Studio album by Axelle Red
- Released: 1996
- Recorded: Caste Studios, Nashville
- Genre: Pop
- Length: 1:00:59
- Label: Virgin Records
- Producer: Wouter Van Belle and Axelle Red

Axelle Red chronology
| Sans Plus Attendre (1993) | À tâtons (1996) | Con Solo Pensarlo (1998) |

= À tâtons =

À tâtons is the second album by the Belgian singer Axelle Red. It was released in 1996.

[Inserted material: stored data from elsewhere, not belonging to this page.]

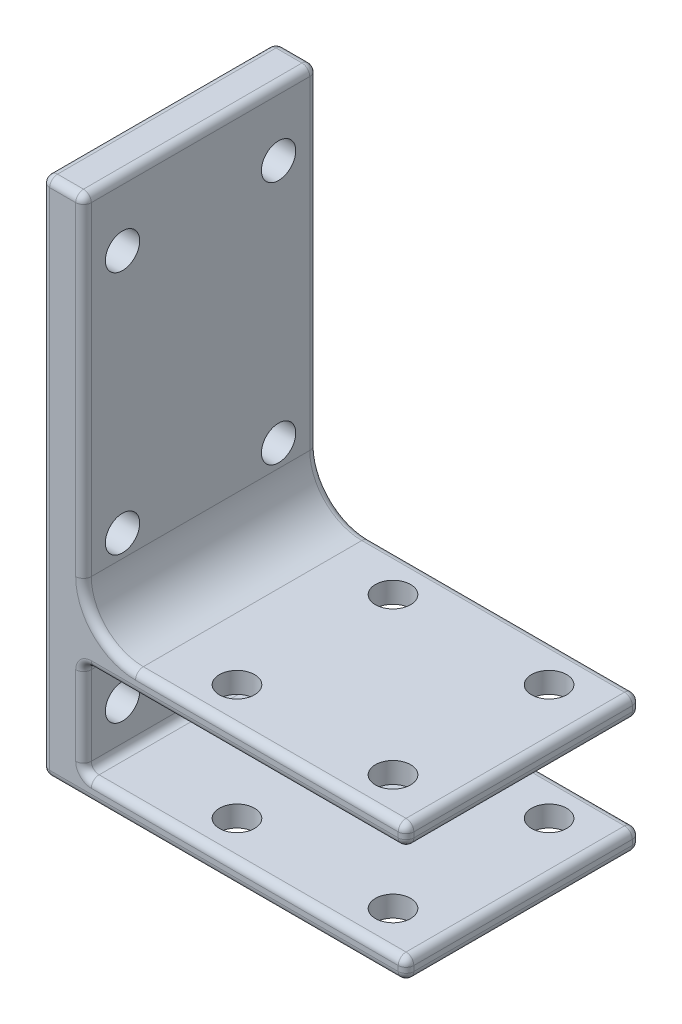
SolidWorks part; units mm, degrees
material "Nylon 6/10"
ref_plane "Front Plane" through (0, 0, 0) normal (0, 0, 1) x (1, 0, 0)
ref_plane "Top Plane" through (0, 0, 0) normal (0, 1, 0) x (1, 0, 0)
ref_plane "Right Plane" through (0, 0, 0) normal (1, 0, 0) x (0, 0, -1)
sketch "Sketch1" plane through (0, 0, 0) normal (0, 0, 1) x (1, 0, 0)
  line L0 (0, 0) -> (0, 100)
  line L1 (0, 100) -> (8, 100)
  line L2 (8, 100) -> (8, 4)
  line L3 (8, 4) -> (70, 4)
  line L4 (70, 4) -> (70, 0)
  line L5 (70, 0) -> (0, 0)
  dimension "D1" = 4
  dimension "D2" = 70
  dimension "D3" = 8
  dimension "D4" = 100
extrude "base" add sketch "Sketch1" along normal blind 45
sketch "Sketch2" plane through (8, 0, 0) normal (1, 0, 0) x (0, 0, -1)
  line L0 (-45, 4) -> (-45, 100) construction
  line L1 (-45, 26.25) -> (0, 26.25)
  line L2 (-45, 26.25) -> (-45, 22.25)
  line L3 (-45, 22.25) -> (0, 22.25)
  line L4 (0, 26.25) -> (0, 22.25)
  line L5 (0, 4) -> (0, 100) construction
  line L6 (-45, 4) -> (0, 4) construction
  dimension "D1" = 4
  dimension "D2" = 18.25
extrude "top skin" add sketch "Sketch2" along normal up to surface (62 mm away) up to face at (70, 2, 22.5)
hole_wizard "slider bolt hole pattern" positions "Sketch3" profile "Sketch4" hole size "M6" standard "ANSI Metric" end condition through all
sketch "Sketch3" plane through (8, 0, 0) normal (1, 0, 0) x (0, 0, -1)
  line L1 (-37.5, 87.5) -> (-7.5, 87.5)
  line L2 (-37.5, 87.5) -> (-37.5, 12.5)
  line L3 (-37.5, 12.5) -> (-7.5, 12.5)
  line L4 (-7.5, 87.5) -> (-7.5, 12.5)
  line L5 (-22.5, 12.5) -> (-22.5, 0) construction
  line L6 (-45, 0) -> (0, 0) construction
  line L8 (-22.5, 87.5) -> (-22.5, 100) construction
  line L9 (-45, 100) -> (0, 100) construction
  point P0 (-37.5, 87.5)
  point P1 (-7.5, 12.5)
  point P60 (-37.5, 12.5)
  point P61 (-7.5, 87.5)
  point P87 (-37.5, 40.5)
  point P89 (-7.5, 40.5)
  dimension "D1" = 75
  dimension "D2" = 30
  dimension "D3" = 28
sketch "Sketch4" plane through (8, 87.5, 37.5) normal (0, 1, 0) x (0, 0, -1)
  line L0 (0, 0) -> (0, 8)
  line L1 (0, 8) -> (3.3, 8)
  line L2 (3.3, 8) -> (3.3, 0)
  line L5 (3.3, 0) -> (0, 0)
  line L11 (0, -6.35) -> (0, 107.95) construction
  dimension "Thru Hole Dia." = 6.6
  dimension "Thru Hole Depth" = 8
hole_wizard "desktop bolt hole pattern" positions "Sketch5" profile "Sketch6" hole size "1/4" standard "ANSI Inch" end condition through all
sketch "Sketch5" plane through (0, 26.25, 0) normal (0, 1, 0) x (1, 0, 0)
  line L1 (30, -7.5) -> (60, -7.5)
  line L2 (30, -7.5) -> (30, -37.5)
  line L3 (30, -37.5) -> (60, -37.5)
  line L4 (60, -7.5) -> (60, -37.5)
  line L5 (60, -22.5) -> (70, -22.5)
  line L6 (70, -45) -> (70, 0) construction
  point P1 (30, -7.5)
  point P2 (60, -37.5)
  point P97 (30, -37.5)
  point P98 (60, -7.5)
  dimension "D2" = 30
  dimension "D1" = 10
  dimension "D3" = 30
sketch "Sketch6" plane through (30, 26.25, 7.5) normal (1, 0, 0) x (0, 0, 1)
  line L0 (0, 0) -> (0, 26.25)
  line L1 (0, 26.25) -> (3.3782, 26.25)
  line L2 (3.3782, 26.25) -> (3.3782, 0)
  line L5 (3.3782, 0) -> (0, 0)
  line L11 (0, -6.35) -> (0, 107.95) construction
  dimension "Thru Hole Dia." = 6.7564
  dimension "Thru Hole Depth" = 26.25
fillet "visible corner fillet" radius 10 1 edges at (8, 26.25, 22.5)
fillet "break other corners" radius 1.5 31 edges at (70, 0, 22.5) (70, 4, 22.5) (70, 26.25, 22.5) (70, 22.25, 22.5) (70, 2, 0) (39, 4, 0) (8, 13.125, 0) (39, 22.25, 0) (70, 24.25, 0) (44, 26.25, 0) (10.9289, 29.1789, 0) (8, 68.125, 0) (4, 100, 0) (35, 0, 0) (0, 100, 22.5) (0, 0, 22.5) (0, 50, 0) (0, 50, 45) (4, 100, 45) (8, 68.125, 45) (10.9289, 29.1789, 45) (44, 26.25, 45) (70, 24.25, 45) (39, 22.25, 45) (8, 13.125, 45) (39, 4, 45) (70, 2, 45) (35, 0, 45) (8, 4, 22.5) (8, 22.25, 22.5) (8, 100, 22.5)
equation "\"board_thickness\" = 18mm"
equation "\"way_width\"= 75mm"
equation "\"way_thickness\"= 50mm"
equation "\"radial_clearance\"= 0.1mm"
equation "\"slider_width\"= \"way_width\"-2* \"radial_clearance\""
equation "\"slider_thickness\" = \"way_thickness\" - 2 * \"radial_clearance\""
equation "\"column_width\"= \"way_width\" + 2 * \"board_thickness\""
equation "\"boxway_slot_width\" = 50mm"
equation "\"keeper_rail_width\" = (\"column_width\" - \"boxway_slot_width\")/2"
equation "\"slider_length\" = 125mm"
equation "\"nut_diameter\"= 22mm"
equation "\"nut_length\"= 15mm"
equation "\"leadscrew_diameter\"= 10mm"
equation "\"leadscrew_radial_clearance\"= 1mm"
equation "\"bearing_bolt_pattern_width\" = 30mm"
equation "\"bearing_bolt_pattern_height\" = 75mm"
equation "\"desktop_bolt_pattern_width\" = 30mm"
equation "\"desktop_bolt_pattern_height\" = 30mm"
equation "\"bearing_bolt_nut_counterbore_diameter\" = 12mm"
equation "\"bearing_bolt_nut_counterbore_depth\"= 10mm"
equation "\"desktop_depth\"= 500mm"
equation "\"desktop_width\"= 650mm"
equation "\"desktop_thickness\"= 18mm"
equation "\"leg_height\"=100mm"
equation "\"leg_width\"=18mm"
equation "\"leg_length\"=500mm"
equation "\"lap_joint_height\" = 50mm"
equation "\"lap_dowel_diameter\"= 8mm"
equation "\"lap_dowel_hole_z_spacing\"=30"
equation "\"skin_thicknes\"= 4"
equation "\"D1@Sketch1\"=\"skin_thicknes\""
equation "\"D1@Sketch2\"=\"skin_thicknes\""
equation "\"D2@Sketch2\"=\"desktop_thickness\" + 0.25"
equation "\"D1@Sketch3\"=\"bearing_bolt_pattern_height\""
equation "\"D2@Sketch3\"=\"bearing_bolt_pattern_width\""
equation "\"D2@Sketch5\"=\"desktop_bolt_pattern_width\""
equation "\"D3@Sketch5\"=\"desktop_bolt_pattern_height\""

Singles taken from À Tâtons were "Rien Que d'y Penser", "À Tâtons", "Rester Femme", "À Quoi Ca Sert" and "Ma Prière".

==Track listing==

1. "À tâtons" (Axelle Red, Albert Hammond, Shelly Peiken) - 3:30
2. "C'était" (Red, Hammond, Peiken) - 4:07
3. "Mon café" (Red) - 4:37
4. "Ma prière" (Red) - 4:44
5. "Pas si naïf" (Red, Christophe Vervoort) - 3:42
6. "À quoi ça sert" (Red, Vervoort) - 3:36
7. "Papa dit" (Red, Patrick Deltenre, Vervoort) - 4:58
8. "Qui connaît la route" (Richard Seff, Red) - 3:30
9. "Rien que d'y penser" (Red, Hammond, Peiken) - 3:06
10. "T'en fais pas pour moi" (Red, S. Cropper, C. Marsh) - 5:10
11. "Rester femme" (Red) - 5:02
12. "Légère" (R. Seff, Red) - 3:55
13. "Un été pour rien" (R. Seff, Daniel Seff, Red) - 3:30
14. "À tâtons (reprise)" - 7:32

==Charts==

| Chart (1996–1998) | Peak position |
|---|---|
| Belgian (Flanders) Albums Chart | 3 |
| Belgian (Wallonia) Albums Chart | 6 |
| French Albums Chart | 5 |

| End of year chart (1997) | Position |
|---|---|
| Belgian (Flanders) Albums Chart | 44 |
| Belgian (Wallonia) Albums Chart | 58 |
| End of year chart (1998) | Position |
| Belgian (Flanders) Albums Chart | 97 |
| Belgian (Wallonia) Albums Chart | 84 |
| French Albums Chart | 21 |

==Certifications==

| Region | Certification | Certified units/sales |
| Belgium (BRMA) | 2× Platinum | 60,000^{*} |
| France (SNEP) | Platinum | 300,000^{*} |
^{*} Sales figures based on certification alone.